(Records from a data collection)
☆ ☆ ☆ ☆ ☆

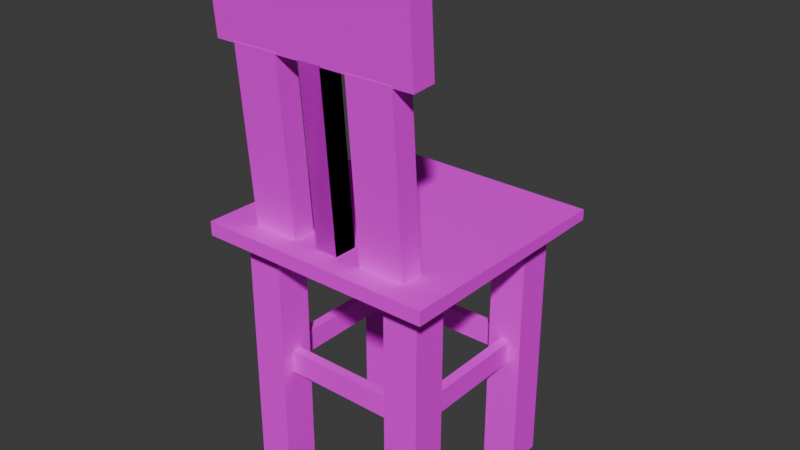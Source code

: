 # Source: stol.blend  (saved by Blender 4.0.36; exported with 4.5.12 LTS)
import bpy
from mathutils import Matrix  # noqa: F401  (used for matrix-valued properties, if any)

bpy.ops.wm.read_factory_settings(use_empty=True)
scene = bpy.context.scene
scene.name = 'Scene'

# ---- collections
col_collection = bpy.data.collections.new('Collection'); scene.collection.children.link(col_collection)

# ---- images (referenced by path relative to the original .blend; pixels are not part of the script)
import os
ASSET_DIR = os.environ.get("B2B_ASSET_DIR", "")  # directory of the original .blend (textures are referenced by path, not embedded)
HERE = os.path.dirname(os.path.abspath(__file__))  # packed textures are extracted next to this script under _unpacked/

def load_image(name, relpath, width, height, colorspace="sRGB"):
    """Load a texture the original file referenced (path relative to the .blend, or extracted next to this script)."""
    p = next((c for c in (os.path.join(HERE, relpath), os.path.join(ASSET_DIR, relpath)) if relpath and os.path.exists(c)), "")
    if p:
        img = bpy.data.images.load(p, check_existing=True)
        img.name = name
    else:  # same state as the original file: an image datablock whose file is absent (Cycles renders it pink)
        img = bpy.data.images.new(name, width, height)
        img.source = "FILE"
        img.filepath = "//" + (relpath or name)
    img.colorspace_settings.name = colorspace
    return img
img_wood_planks_diff_1k_jpg = load_image('wood_planks_diff_1k.jpg', 'wood_planks_diff_1k.jpg', 1024, 1024, 'sRGB')

# ---- materials (node trees are filled in below, after node groups)
mat_wood = bpy.data.materials.new('Wood')
mat_wood.alpha_threshold = 0.0
mat_wood.use_transparent_shadow = False
mat_wood.roughness = 0.5
mat_wood.line_color = (0.0, 0.0, 0.0, 1.0)
mat_material_001 = bpy.data.materials.new('Material.001')
mat_material_001.alpha_threshold = 0.0
mat_material_001.use_transparent_shadow = False
mat_material_001.roughness = 0.5
mat_material_001.line_color = (0.0, 0.0, 0.0, 1.0)

# ---- node groups
ng_geometry_nodes = bpy.data.node_groups.new('Geometry Nodes', 'GeometryNodeTree')
_s = ng_geometry_nodes.interface.new_socket(name='Geometry', in_out='OUTPUT', socket_type='NodeSocketGeometry')
_s = ng_geometry_nodes.interface.new_socket(name='Geometry', in_out='INPUT', socket_type='NodeSocketGeometry')
ng_geometry_nodes.is_modifier = True
_N = ng_geometry_nodes.nodes; _L = ng_geometry_nodes.links

# ---- material node trees
mat_wood.use_nodes = True; mat_wood.node_tree.nodes.clear()
_N = mat_wood.node_tree.nodes; _L = mat_wood.node_tree.links
n0 = _N.new('ShaderNodeOutputMaterial'); n0.name = 'Material Output'; n0.location = (300, 300)
n1 = _N.new('ShaderNodeBsdfPrincipled'); n1.name = 'Principled BSDF'; n1.location = (10, 300)
n1.inputs[2].default_value = 0.9532
n1.inputs[3].default_value = 1.0
n2 = _N.new('ShaderNodeTexImage'); n2.name = 'Image Texture.001'; n2.location = (-280, 271)
n2.image = img_wood_planks_diff_1k_jpg
n2.interpolation = 'Cubic'
_L.new(n1.outputs[0], n0.inputs[0])
_L.new(n2.outputs[0], n1.inputs[0])
n0.is_active_output = True
mat_material_001.use_nodes = True; mat_material_001.node_tree.nodes.clear()
_N = mat_material_001.node_tree.nodes; _L = mat_material_001.node_tree.links
n0 = _N.new('ShaderNodeOutputMaterial'); n0.name = 'Material Output'; n0.location = (300, 300)
n1 = _N.new('ShaderNodeBsdfPrincipled'); n1.name = 'Principled BSDF'; n1.location = (10, 300)
n1.inputs[3].default_value = 1.45
_L.new(n1.outputs[0], n0.inputs[0])
n0.is_active_output = True

# ---- world
world_world = bpy.data.worlds.new('World'); scene.world = world_world
world_world.use_nodes = True; world_world.node_tree.nodes.clear()
_N = world_world.node_tree.nodes; _L = world_world.node_tree.links
n0 = _N.new('ShaderNodeOutputWorld'); n0.name = 'World Output'; n0.location = (300, 300)
n1 = _N.new('ShaderNodeBackground'); n1.name = 'Background'; n1.location = (10, 300)
n1.inputs[0].default_value = (0.05088, 0.05088, 0.05088, 1.0)
_L.new(n1.outputs[0], n0.inputs[0])
n0.is_active_output = True
world_world.color = (0.05088, 0.05088, 0.05088)
world_world.use_sun_shadow = False
world_world.sun_shadow_jitter_overblur = 0.0

# ---- meshes
me_cube = bpy.data.meshes.new('Cube')
me_cube.from_pydata([(1.0, 1.0, 1.0), (1.0, 1.0, -0.5097), (1.0, -1.0, 1.0), (1.0, -1.0, -1.0), (-1.0, 1.0, 1.0), (-1.0, 1.0, -0.5097), (-1.0, -1.0, 1.0), (-1.0, -1.0, -1.0)], [], [(0, 4, 6, 2), (3, 2, 6, 7), (7, 6, 4, 5), (5, 1, 3, 7), (1, 0, 2, 3), (5, 4, 0, 1)])
_uv = me_cube.uv_layers.new(name='UVMap')
_uv.uv.foreach_set('vector', [0.625, 0.5, 0.875, 0.5, 0.875, 0.75, 0.625, 0.75, 0.375, 0.75, 0.625, 0.75, 0.625, 1.0, 0.375, 1.0, 0.375, 0.0, 0.625, 0.0, 0.625, 0.25, 0.375, 0.25, 0.125, 0.5, 0.375, 0.5, 0.375, 0.75, 0.125, 0.75, 0.375, 0.5, 0.625, 0.5, 0.625, 0.75, 0.375, 0.75, 0.375, 0.25, 0.625, 0.25, 0.625, 0.5, 0.375, 0.5])
me_cube.materials.append(mat_wood)
me_cube.use_mirror_vertex_groups = False
me_cube.update()
me_cube_001 = bpy.data.meshes.new('Cube.001')
me_cube_001.from_pydata([(-1.0, -1.0, -1.0), (-1.0, -1.0, 1.0), (-1.0, 1.0, -1.0), (-1.0, 1.0, 1.0), (1.0, -1.0, -1.0), (1.0, -1.0, 1.0), (1.0, 1.0, -1.0), (1.0, 1.0, 1.0)], [], [(0, 1, 3, 2), (2, 3, 7, 6), (6, 7, 5, 4), (4, 5, 1, 0), (2, 6, 4, 0), (7, 3, 1, 5)])
_uv = me_cube_001.uv_layers.new(name='UVMap')
_uv.uv.foreach_set('vector', [0.375, 0.0, 0.625, 0.0, 0.625, 0.25, 0.375, 0.25, 0.375, 0.25, 0.625, 0.25, 0.625, 0.5, 0.375, 0.5, 0.375, 0.5, 0.625, 0.5, 0.625, 0.75, 0.375, 0.75, 0.375, 0.75, 0.625, 0.75, 0.625, 1.0, 0.375, 1.0, 0.125, 0.5, 0.375, 0.5, 0.375, 0.75, 0.125, 0.75, 0.625, 0.5, 0.875, 0.5, 0.875, 0.75, 0.625, 0.75])
me_cube_001.materials.append(mat_wood)
me_cube_001.update()
me_cube_002 = bpy.data.meshes.new('Cube.002')
me_cube_002.from_pydata([(-1.0, -1.0, -1.0), (-1.0, -1.0, 1.0), (-1.0, 1.0, -1.0), (-1.0, 1.0, 1.0), (1.0, -1.0, -1.0), (1.0, -1.0, 1.0), (1.0, 1.0, -1.0), (1.0, 1.0, 1.0)], [], [(0, 1, 3, 2), (2, 3, 7, 6), (6, 7, 5, 4), (4, 5, 1, 0), (2, 6, 4, 0), (7, 3, 1, 5)])
_uv = me_cube_002.uv_layers.new(name='UVMap')
_uv.uv.foreach_set('vector', [0.375, 0.0, 0.625, 0.0, 0.625, 0.25, 0.375, 0.25, 0.375, 0.25, 0.625, 0.25, 0.625, 0.5, 0.375, 0.5, 0.375, 0.5, 0.625, 0.5, 0.625, 0.75, 0.375, 0.75, 0.375, 0.75, 0.625, 0.75, 0.625, 1.0, 0.375, 1.0, 0.125, 0.5, 0.375, 0.5, 0.375, 0.75, 0.125, 0.75, 0.625, 0.5, 0.875, 0.5, 0.875, 0.75, 0.625, 0.75])
me_cube_002.materials.append(mat_wood)
me_cube_002.update()
me_cube_003 = bpy.data.meshes.new('Cube.003')
me_cube_003.from_pydata([(-1.0, -1.0, -1.0), (-1.0, -1.0, 1.0), (-1.0, 1.0, -1.0), (-1.0, 1.0, 1.0), (1.0, -1.0, -1.0), (1.0, -1.0, 1.0), (1.0, 1.0, -1.0), (1.0, 1.0, 1.0)], [], [(0, 1, 3, 2), (2, 3, 7, 6), (6, 7, 5, 4), (4, 5, 1, 0), (2, 6, 4, 0), (7, 3, 1, 5)])
_uv = me_cube_003.uv_layers.new(name='UVMap')
_uv.uv.foreach_set('vector', [0.375, 0.0, 0.625, 0.0, 0.625, 0.25, 0.375, 0.25, 0.375, 0.25, 0.625, 0.25, 0.625, 0.5, 0.375, 0.5, 0.375, 0.5, 0.625, 0.5, 0.625, 0.75, 0.375, 0.75, 0.375, 0.75, 0.625, 0.75, 0.625, 1.0, 0.375, 1.0, 0.125, 0.5, 0.375, 0.5, 0.375, 0.75, 0.125, 0.75, 0.625, 0.5, 0.875, 0.5, 0.875, 0.75, 0.625, 0.75])
me_cube_003.materials.append(mat_wood)
me_cube_003.update()
me_cube_004 = bpy.data.meshes.new('Cube.004')
me_cube_004.from_pydata([(-1.0, -1.0, -1.0), (-1.0, -1.0, 1.0), (-1.0, 1.0, -1.0), (-1.0, 1.0, 1.0), (1.0, -1.0, -1.0), (1.0, -1.0, 1.0), (1.0, 1.0, -1.0), (1.0, 1.0, 1.0)], [], [(0, 1, 3, 2), (2, 3, 7, 6), (6, 7, 5, 4), (4, 5, 1, 0), (2, 6, 4, 0), (7, 3, 1, 5)])
_uv = me_cube_004.uv_layers.new(name='UVMap')
_uv.uv.foreach_set('vector', [0.375, 0.0, 0.625, 0.0, 0.625, 0.25, 0.375, 0.25, 0.375, 0.25, 0.625, 0.25, 0.625, 0.5, 0.375, 0.5, 0.375, 0.5, 0.625, 0.5, 0.625, 0.75, 0.375, 0.75, 0.375, 0.75, 0.625, 0.75, 0.625, 1.0, 0.375, 1.0, 0.125, 0.5, 0.375, 0.5, 0.375, 0.75, 0.125, 0.75, 0.625, 0.5, 0.875, 0.5, 0.875, 0.75, 0.625, 0.75])
me_cube_004.materials.append(mat_wood)
me_cube_004.update()
me_cube_005 = bpy.data.meshes.new('Cube.005')
me_cube_005.from_pydata([(-1.0, -1.0, -1.0), (-1.0, -1.0, 1.0), (-1.0, 1.0, -1.0), (-1.0, 1.0, 1.0), (1.0, -1.0, -1.0), (1.0, -1.0, 1.0), (1.0, 1.0, -1.0), (1.0, 1.0, 1.0)], [], [(0, 1, 3, 2), (2, 3, 7, 6), (6, 7, 5, 4), (4, 5, 1, 0), (2, 6, 4, 0), (7, 3, 1, 5)])
_uv = me_cube_005.uv_layers.new(name='UVMap')
_uv.uv.foreach_set('vector', [0.375, 0.0, 0.625, 0.0, 0.625, 0.25, 0.375, 0.25, 0.375, 0.25, 0.625, 0.25, 0.625, 0.5, 0.375, 0.5, 0.375, 0.5, 0.625, 0.5, 0.625, 0.75, 0.375, 0.75, 0.375, 0.75, 0.625, 0.75, 0.625, 1.0, 0.375, 1.0, 0.125, 0.5, 0.375, 0.5, 0.375, 0.75, 0.125, 0.75, 0.625, 0.5, 0.875, 0.5, 0.875, 0.75, 0.625, 0.75])
me_cube_005.materials.append(mat_wood)
me_cube_005.update()
me_cube_006 = bpy.data.meshes.new('Cube.006')
me_cube_006.from_pydata([(1.0, 1.0, 1.0), (1.0, 1.0, -0.5097), (1.0, -1.0, 1.0), (1.0, -1.0, -1.0), (-1.0, 1.0, 1.0), (-1.0, 1.0, -0.5097), (-1.0, -1.0, 1.0), (-1.0, -1.0, -1.0)], [], [(0, 4, 6, 2), (3, 2, 6, 7), (7, 6, 4, 5), (5, 1, 3, 7), (1, 0, 2, 3), (5, 4, 0, 1)])
_uv = me_cube_006.uv_layers.new(name='UVMap')
_uv.uv.foreach_set('vector', [0.625, 0.5, 0.875, 0.5, 0.875, 0.75, 0.625, 0.75, 0.375, 0.75, 0.625, 0.75, 0.625, 1.0, 0.375, 1.0, 0.375, 0.0, 0.625, 0.0, 0.625, 0.25, 0.375, 0.25, 0.125, 0.5, 0.375, 0.5, 0.375, 0.75, 0.125, 0.75, 0.375, 0.5, 0.625, 0.5, 0.625, 0.75, 0.375, 0.75, 0.375, 0.25, 0.625, 0.25, 0.625, 0.5, 0.375, 0.5])
me_cube_006.materials.append(mat_material_001)
me_cube_006.use_mirror_vertex_groups = False
me_cube_006.update()
me_cube_008 = bpy.data.meshes.new('Cube.008')
me_cube_008.from_pydata([(-1.0, -1.0, -1.0), (-1.0, -1.0, 1.0), (-1.0, 1.0, -1.0), (-1.0, 1.0, 1.0), (1.0, -1.0, -1.0), (1.0, -1.0, 1.0), (1.0, 1.0, -1.0), (1.0, 1.0, 1.0)], [], [(0, 1, 3, 2), (2, 3, 7, 6), (6, 7, 5, 4), (4, 5, 1, 0), (2, 6, 4, 0), (7, 3, 1, 5)])
_uv = me_cube_008.uv_layers.new(name='UVMap')
_uv.uv.foreach_set('vector', [0.375, 0.0, 0.625, 0.0, 0.625, 0.25, 0.375, 0.25, 0.375, 0.25, 0.625, 0.25, 0.625, 0.5, 0.375, 0.5, 0.375, 0.5, 0.625, 0.5, 0.625, 0.75, 0.375, 0.75, 0.375, 0.75, 0.625, 0.75, 0.625, 1.0, 0.375, 1.0, 0.125, 0.5, 0.375, 0.5, 0.375, 0.75, 0.125, 0.75, 0.625, 0.5, 0.875, 0.5, 0.875, 0.75, 0.625, 0.75])
me_cube_008.materials.append(mat_wood)
me_cube_008.update()

# ---- objects
ob_chair_seat = bpy.data.objects.new('Chair_seat', me_cube)
ob_chair_legs = bpy.data.objects.new('Chair_legs', me_cube_001)
ob_chair_back = bpy.data.objects.new('Chair_back', me_cube_002)
ob_chair_back_u = bpy.data.objects.new('Chair_back_u', me_cube_003)
ob_chair_support = bpy.data.objects.new('Chair_support', me_cube_004)
ob_chair_support2 = bpy.data.objects.new('Chair_support2', me_cube_005)
ob_cube_006 = bpy.data.objects.new('Cube.006', me_cube_006)
ob_chair_back_m = bpy.data.objects.new('Chair_back_m', me_cube_008)

# ---- transforms, parenting, visibility, modifiers, constraints
ob_chair_seat.location = (0.0, 0.0, 0.8973)
ob_chair_seat.scale = (0.6249, 0.6249, -0.03694)
ob_chair_seat.lock_rotations_4d = False
ob_chair_seat.empty_display_type = 'ARROWS'
ob_chair_seat.lineart.crease_threshold = 0.0
ob_chair_legs.location = (-0.414, -0.4064, 0.198)
ob_chair_legs.scale = (0.09279, 0.09279, 0.6841)
_m = ob_chair_legs.modifiers.new('Mirror', 'MIRROR')
_m.use_axis = (True, True, False)
_m.mirror_object = ob_chair_seat
ob_chair_back.location = (-0.3145, -0.4777, 1.38)
ob_chair_back.rotation_euler = (0.0732, -0.0, 0.0)
ob_chair_back.scale = (0.121, 0.0604, 0.4528)
_m = ob_chair_back.modifiers.new('Mirror', 'MIRROR')
_m.mirror_object = ob_chair_back_u
ob_chair_back_u.location = (0.0, -0.5204, 2.026)
ob_chair_back_u.rotation_euler = (0.0732, -0.0, 0.0)
ob_chair_back_u.scale = (0.5407, 0.06356, 0.203)
ob_chair_support.location = (0.0, 0.4044, 0.1816)
ob_chair_support.scale = (0.3452, 0.02604, 0.05961)
_m = ob_chair_support.modifiers.new('Mirror', 'MIRROR')
_m.use_axis = (False, True, False)
_m.mirror_object = ob_chair_seat
ob_chair_support2.location = (0.4137, 0.03699, 0.1816)
ob_chair_support2.rotation_euler = (0.0, -0.0, 1.571)
ob_chair_support2.scale = (0.3452, 0.02604, 0.05961)
_m = ob_chair_support2.modifiers.new('Mirror', 'MIRROR')
_m.mirror_object = ob_chair_seat
ob_cube_006.location = (0.0, 0.0, 0.8973)
ob_cube_006.scale = (0.6249, 0.6249, -0.03694)
ob_cube_006.lock_rotations_4d = False
ob_cube_006.empty_display_type = 'ARROWS'
ob_cube_006.lineart.crease_threshold = 0.0
_m = ob_cube_006.modifiers.new('GeometryNodes', 'NODES')
_m.node_group = ng_geometry_nodes
ob_chair_back_m.location = (-0.001394, -0.4777, 1.38)
ob_chair_back_m.rotation_euler = (0.0732, -0.0, 0.0)
ob_chair_back_m.scale = (0.05973, 0.0604, 0.4528)
_m = ob_chair_back_m.modifiers.new('Mirror', 'MIRROR')

# ---- collection membership
col_collection.objects.link(ob_chair_seat)
col_collection.objects.link(ob_chair_legs)
col_collection.objects.link(ob_chair_back)
col_collection.objects.link(ob_chair_back_u)
col_collection.objects.link(ob_chair_support)
col_collection.objects.link(ob_chair_support2)
col_collection.objects.link(ob_cube_006)
col_collection.objects.link(ob_chair_back_m)

# ---- scene / render settings (as saved in the file)
scene.frame_start = 1; scene.frame_end = 250; scene.frame_set(1)
scene.render.engine = 'BLENDER_EEVEE_NEXT'
scene.cycles.sampling_pattern = 'TABULATED_SOBOL'
bpy.context.view_layer.update()

# ---- added for rendering (the .blend has no active camera and no usable light): camera, sun
cam_auto = bpy.data.cameras.new('AutoCamera')
cam_auto.lens = 50.0
cam_auto.sensor_width = 36.0
cam_auto.clip_end = 1000.0
ob_auto_camera = bpy.data.objects.new('AutoCamera', cam_auto)
scene.collection.objects.link(ob_auto_camera)
ob_auto_camera.location = (3.00041, -3.60049, 3.27369)
ob_auto_camera.rotation_euler = (1.09748, -7.21219e-08, 0.694738)
scene.camera = ob_auto_camera
light_auto_sun = bpy.data.lights.new('AutoSun', 'SUN')
light_auto_sun.energy = 3.0
light_auto_sun.angle = 0.0523599
ob_auto_sun = bpy.data.objects.new('AutoSun', light_auto_sun)
scene.collection.objects.link(ob_auto_sun)
ob_auto_sun.rotation_euler = (0.872665, 0.174533, 0.523599)
bpy.context.view_layer.update()

☆ ☆ ☆ ☆ ☆

Set down the records above word for word, from the first line through the line containing "# ---- node groups", both included; leave out the pictures.

Source code

: # Source: stol.blend  (saved by Blender 4.0.36; exported with 4.5.12 LTS)
import bpy
from mathutils import Matrix  # noqa: F401  (used for matrix-valued properties, if any)

bpy.ops.wm.read_factory_settings(use_empty=True)
scene = bpy.context.scene
scene.name = 'Scene'

# ---- collections
col_collection = bpy.data.collections.new('Collection'); scene.collection.children.link(col_collection)

# ---- images (referenced by path relative to the original .blend; pixels are not part of the script)
import os
ASSET_DIR = os.environ.get("B2B_ASSET_DIR", "")  # directory of the original .blend (textures are referenced by path, not embedded)
HERE = os.path.dirname(os.path.abspath(__file__))  # packed textures are extracted next to this script under _unpacked/

def load_image(name, relpath, width, height, colorspace="sRGB"):
    """Load a texture the original file referenced (path relative to the .blend, or extracted next to this script)."""
    p = next((c for c in (os.path.join(HERE, relpath), os.path.join(ASSET_DIR, relpath)) if relpath and os.path.exists(c)), "")
    if p:
        img = bpy.data.images.load(p, check_existing=True)
        img.name = name
    else:  # same state as the original file: an image datablock whose file is absent (Cycles renders it pink)
        img = bpy.data.images.new(name, width, height)
        img.source = "FILE"
        img.filepath = "//" + (relpath or name)
    img.colorspace_settings.name = colorspace
    return img
img_wood_planks_diff_1k_jpg = load_image('wood_planks_diff_1k.jpg', 'wood_planks_diff_1k.jpg', 1024, 1024, 'sRGB')

# ---- materials (node trees are filled in below, after node groups)
mat_wood = bpy.data.materials.new('Wood')
mat_wood.alpha_threshold = 0.0
mat_wood.use_transparent_shadow = False
mat_wood.roughness = 0.5
mat_wood.line_color = (0.0, 0.0, 0.0, 1.0)
mat_material_001 = bpy.data.materials.new('Material.001')
mat_material_001.alpha_threshold = 0.0
mat_material_001.use_transparent_shadow = False
mat_material_001.roughness = 0.5
mat_material_001.line_color = (0.0, 0.0, 0.0, 1.0)

# ---- node groups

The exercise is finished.